> **WORK INSTRUCTION**: From the records below, copy every line that contains the word "color".

Records excerpted from a collection:
* * *
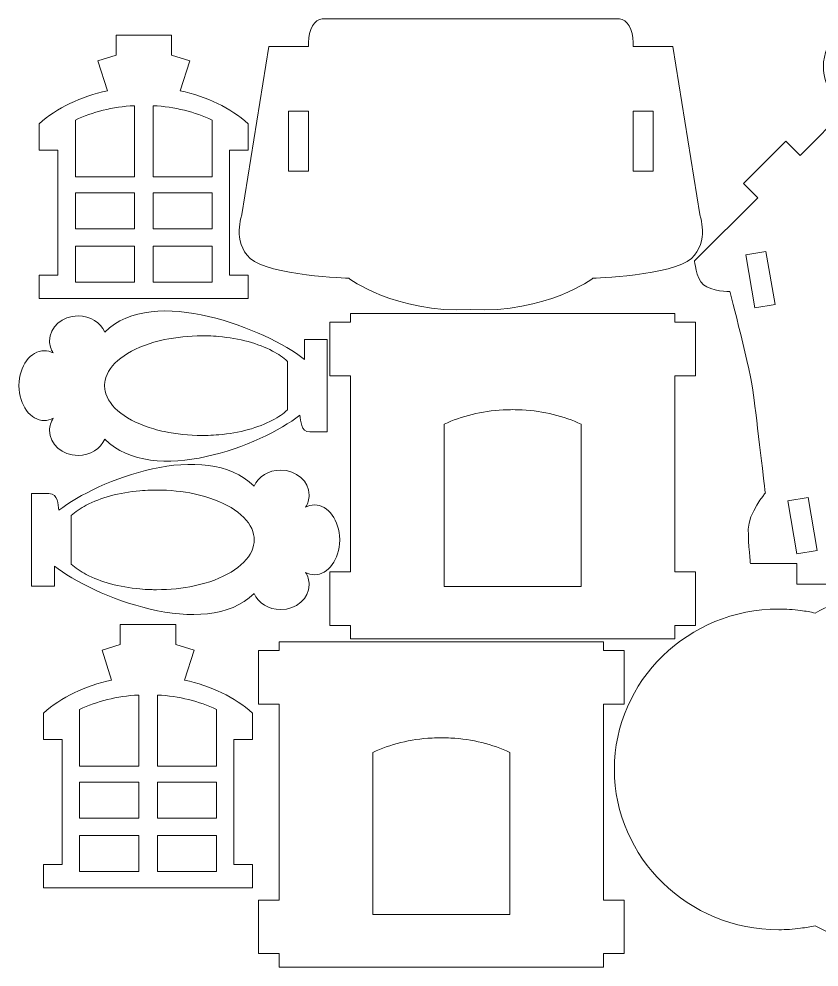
# Model space of a CAD drawing. Header units: centimetres. Extents: x -26 to 19.1, y -49.6 to 45.
# Drawn here: x -12.84 to 2.71, y -49.61 to -31.19 of the extents above; entities that cross this region are included whole.
import ezdxf

# ---------------------------------------------------------------- set-up
doc = ezdxf.new("R2010")
doc.units = ezdxf.units.CM
doc.header["$MEASUREMENT"] = 0
doc.layers.add('layer 1', color=7, linetype='Continuous')

msp = doc.modelspace()

# ---------------------------------------------------------------- linework, layer by layer
at = {"layer": 'layer 1', "color": 250, "lineweight": 9}
for points, knots in [([(-1.17253, -31.18565), (-1.17253, -31.18565), (-6.94629, -31.18565), (-6.94629, -31.18565), (-6.94629, -31.18565), (-7.09265, -31.18565), (-7.21238, -31.39288), (-7.21238, -31.64619), (-7.21238, -31.64619), (-7.21238, -31.64619), (-7.21238, -31.71785), (-7.21238, -31.71785), (-7.21238, -31.71785), (-7.21238, -31.71785), (-7.98104, -31.71785), (-7.98104, -31.71785), (-7.98104, -31.71785), (-7.98104, -31.71785), (-8.5077, -34.98724), (-8.5077, -34.98724), (-8.5077, -34.98724), (-8.5077, -34.98724), (-8.69986, -35.5132), (-8.34401, -35.84059), (-8.34401, -35.84059), (-7.98816, -36.16797), (-6.42949, -36.22491), (-6.42949, -36.22491), (-6.42949, -36.22491), (-6.42949, -36.22491), (-5.53292, -36.90411), (-4.05941, -36.83363), (-4.05941, -36.83363), (-2.5859, -36.90411), (-1.68933, -36.22491), (-1.68933, -36.22491), (-1.68933, -36.22491), (-1.68933, -36.22491), (-0.13066, -36.16797), (0.22519, -35.84059), (0.22519, -35.84059), (0.58104, -35.5132), (0.38888, -34.98724), (0.38888, -34.98724), (0.38888, -34.98724), (0.38888, -34.98724), (-0.13778, -31.71785), (-0.13778, -31.71785), (-0.13778, -31.71785), (-0.13778, -31.71785), (-0.90644, -31.71785), (-0.90644, -31.71785), (-0.90644, -31.71785), (-0.90644, -31.71785), (-0.90644, -31.64621), (-0.90644, -31.64621), (-0.90644, -31.64621), (-0.90644, -31.39288), (-1.02617, -31.18565), (-1.17253, -31.18565)], [0, 0, 0, 0, 0.0625, 0.0625, 0.0625, 0.0625, 0.125, 0.125, 0.125, 0.125, 0.1875, 0.1875, 0.1875, 0.1875, 0.25, 0.25, 0.25, 0.25, 0.3125, 0.3125, 0.3125, 0.3125, 0.375, 0.375, 0.375, 0.375, 0.4375, 0.4375, 0.4375, 0.4375, 0.5, 0.5, 0.5, 0.5, 0.5625, 0.5625, 0.5625, 0.5625, 0.625, 0.625, 0.625, 0.625, 0.6875, 0.6875, 0.6875, 0.6875, 0.75, 0.75, 0.75, 0.75, 0.8125, 0.8125, 0.8125, 0.8125, 0.875, 0.875, 0.875, 0.875, 1, 1, 1, 1]), ([(3.71811, -31.18583), (3.71811, -31.18583), (3.71811, -31.18565), (3.71811, -31.18565), (3.71811, -31.18565), (3.71811, -31.18565), (3.71144, -31.18573), (3.71144, -31.18573), (3.71144, -31.18573), (3.71144, -31.18573), (3.70478, -31.18565), (3.70478, -31.18565), (3.70478, -31.18565), (3.70478, -31.18565), (3.70478, -31.18583), (3.70478, -31.18583), (3.70478, -31.18583), (3.19858, -31.19297), (2.79026, -31.60559), (2.79026, -32.11351), (2.79026, -32.11351), (2.79026, -32.45729), (2.97738, -32.75749), (3.25532, -32.91777), (3.25532, -32.91777), (3.25532, -32.91777), (2.33755, -33.83555), (2.33755, -33.83555), (2.33755, -33.83555), (2.33755, -33.83555), (2.06136, -33.55937), (2.06136, -33.55937), (2.06136, -33.55937), (2.06136, -33.55937), (1.23787, -34.38288), (1.23787, -34.38288), (1.23787, -34.38288), (1.23787, -34.38288), (1.51404, -34.65904), (1.51404, -34.65904), (1.51404, -34.65904), (1.51404, -34.65904), (0.28688, -35.8862), (0.28688, -35.8862), (0.28688, -35.8862), (0.28688, -35.8862), (0.31382, -36.21728), (0.45927, -36.34951), (0.45927, -36.34951), (0.60472, -36.48173), (0.97498, -36.48173), (0.97498, -36.48173), (0.97498, -36.48173), (0.97498, -36.48173), (1.37932, -38.03443), (1.435, -38.49445), (1.435, -38.49445), (1.49068, -38.95448), (1.66258, -40.39581), (1.66258, -40.39581), (1.66258, -40.39581), (1.66258, -40.39581), (1.332, -40.79251), (1.332, -41.09664), (1.332, -41.09664), (1.332, -41.40077), (1.37167, -41.76729), (1.37167, -41.76729), (1.37167, -41.76729), (1.37167, -41.76729), (2.27415, -41.76729), (2.27415, -41.76729), (2.27415, -41.76729), (2.27415, -41.76729), (2.27415, -42.16691), (2.27415, -42.16691), (2.27415, -42.16691), (2.27415, -42.16691), (5.14874, -42.16691), (5.14874, -42.16691), (5.14874, -42.16691), (5.14874, -42.16691), (5.14874, -41.76729), (5.14874, -41.76729), (5.14874, -41.76729), (5.14874, -41.76729), (6.05122, -41.76729), (6.05122, -41.76729), (6.05122, -41.76729), (6.05122, -41.76729), (6.09088, -41.40077), (6.09088, -41.09664), (6.09088, -41.09664), (6.09088, -40.79251), (5.76031, -40.39581), (5.76031, -40.39581), (5.76031, -40.39581), (5.76031, -40.39581), (5.9322, -38.95448), (5.98788, -38.49445), (5.98788, -38.49445), (6.04356, -38.03443), (6.44791, -36.48173), (6.44791, -36.48173), (6.44791, -36.48173), (6.44791, -36.48173), (6.81816, -36.48173), (6.96362, -36.34951), (6.96362, -36.34951), (7.10907, -36.21728), (7.136, -35.8862), (7.136, -35.8862), (7.136, -35.8862), (5.78482, -34.53501), (5.41035, -34.16056), (4.16756, -32.91777), (4.16756, -32.91777), (4.44551, -32.75749), (4.63263, -32.45729), (4.63263, -32.11351), (4.63263, -32.11351), (4.63263, -31.60559), (4.22431, -31.19297), (3.71811, -31.18583)], [0, 0, 0, 0, 0.03125, 0.03125, 0.03125, 0.03125, 0.0625, 0.0625, 0.0625, 0.0625, 0.09375, 0.09375, 0.09375, 0.09375, 0.125, 0.125, 0.125, 0.125, 0.15625, 0.15625, 0.15625, 0.15625, 0.1875, 0.1875, 0.1875, 0.1875, 0.21875, 0.21875, 0.21875, 0.21875, 0.25, 0.25, 0.25, 0.25, 0.28125, 0.28125, 0.28125, 0.28125, 0.3125, 0.3125, 0.3125, 0.3125, 0.34375, 0.34375, 0.34375, 0.34375, 0.375, 0.375, 0.375, 0.375, 0.40625, 0.40625, 0.40625, 0.40625, 0.4375, 0.4375, 0.4375, 0.4375, 0.46875, 0.46875, 0.46875, 0.46875, 0.5, 0.5, 0.5, 0.5, 0.53125, 0.53125, 0.53125, 0.53125, 0.5625, 0.5625, 0.5625, 0.5625, 0.59375, 0.59375, 0.59375, 0.59375, 0.625, 0.625, 0.625, 0.625, 0.65625, 0.65625, 0.65625, 0.65625, 0.6875, 0.6875, 0.6875, 0.6875, 0.71875, 0.71875, 0.71875, 0.71875, 0.75, 0.75, 0.75, 0.75, 0.78125, 0.78125, 0.78125, 0.78125, 0.8125, 0.8125, 0.8125, 0.8125, 0.84375, 0.84375, 0.84375, 0.84375, 0.875, 0.875, 0.875, 0.875, 0.90625, 0.90625, 0.90625, 0.90625, 0.9375, 0.9375, 0.9375, 0.9375, 1, 1, 1, 1]), ([(-7.60294, -34.1404), (-7.60294, -34.1404), (-7.60294, -32.97579), (-7.60294, -32.97579), (-7.60294, -32.97579), (-7.60294, -32.97579), (-7.21238, -32.97579), (-7.21238, -32.97579), (-7.21238, -32.97579), (-7.21238, -32.97579), (-7.21238, -34.1404), (-7.21238, -34.1404), (-7.21238, -34.1404), (-7.21238, -34.1404), (-7.60294, -34.1404), (-7.60294, -34.1404)], [0, 0, 0, 0, 0.2, 0.2, 0.2, 0.2, 0.4, 0.4, 0.4, 0.4, 0.6, 0.6, 0.6, 0.6, 1, 1, 1, 1]), ([(-0.90644, -34.1404), (-0.90644, -34.1404), (-0.90644, -32.97579), (-0.90644, -32.97579), (-0.90644, -32.97579), (-0.90644, -32.97579), (-0.51588, -32.97579), (-0.51588, -32.97579), (-0.51588, -32.97579), (-0.51588, -32.97579), (-0.51588, -34.1404), (-0.51588, -34.1404), (-0.51588, -34.1404), (-0.51588, -34.1404), (-0.90644, -34.1404), (-0.90644, -34.1404)], [0, 0, 0, 0, 0.2, 0.2, 0.2, 0.2, 0.4, 0.4, 0.4, 0.4, 0.6, 0.6, 0.6, 0.6, 1, 1, 1, 1]), ([(1.85087, -36.73049), (1.85087, -36.73049), (1.45659, -36.79793), (1.45659, -36.79793), (1.45659, -36.79793), (1.45659, -36.79793), (1.28098, -35.77092), (1.28098, -35.77092), (1.28098, -35.77092), (1.28098, -35.77092), (1.67524, -35.70351), (1.67524, -35.70351), (1.67524, -35.70351), (1.67524, -35.70351), (1.85087, -36.73049), (1.85087, -36.73049)], [0, 0, 0, 0, 0.2, 0.2, 0.2, 0.2, 0.4, 0.4, 0.4, 0.4, 0.6, 0.6, 0.6, 0.6, 1, 1, 1, 1]), ([(-6.39944, -36.90737), (-6.39944, -36.90737), (-0.0935, -36.90737), (-0.0935, -36.90737), (-0.0935, -36.90737), (-0.0935, -36.90737), (-0.0935, -37.07712), (-0.0935, -37.07712), (-0.0935, -37.07712), (-0.0935, -37.07712), (0.3065, -37.07712), (0.3065, -37.07712), (0.3065, -37.07712), (0.3065, -37.07712), (0.3065, -38.11901), (0.3065, -38.11901), (0.3065, -38.11901), (0.3065, -38.11901), (-0.0935, -38.11901), (-0.0935, -38.11901), (-0.0935, -38.11901), (-0.0935, -38.11901), (-0.0935, -41.92653), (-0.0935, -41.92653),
* * *
> **PROBLEM SOLUTION**:
doc.layers.add('layer 1', color=7, linetype='Continuous')
at = {"layer": 'layer 1', "color": 250, "lineweight": 9}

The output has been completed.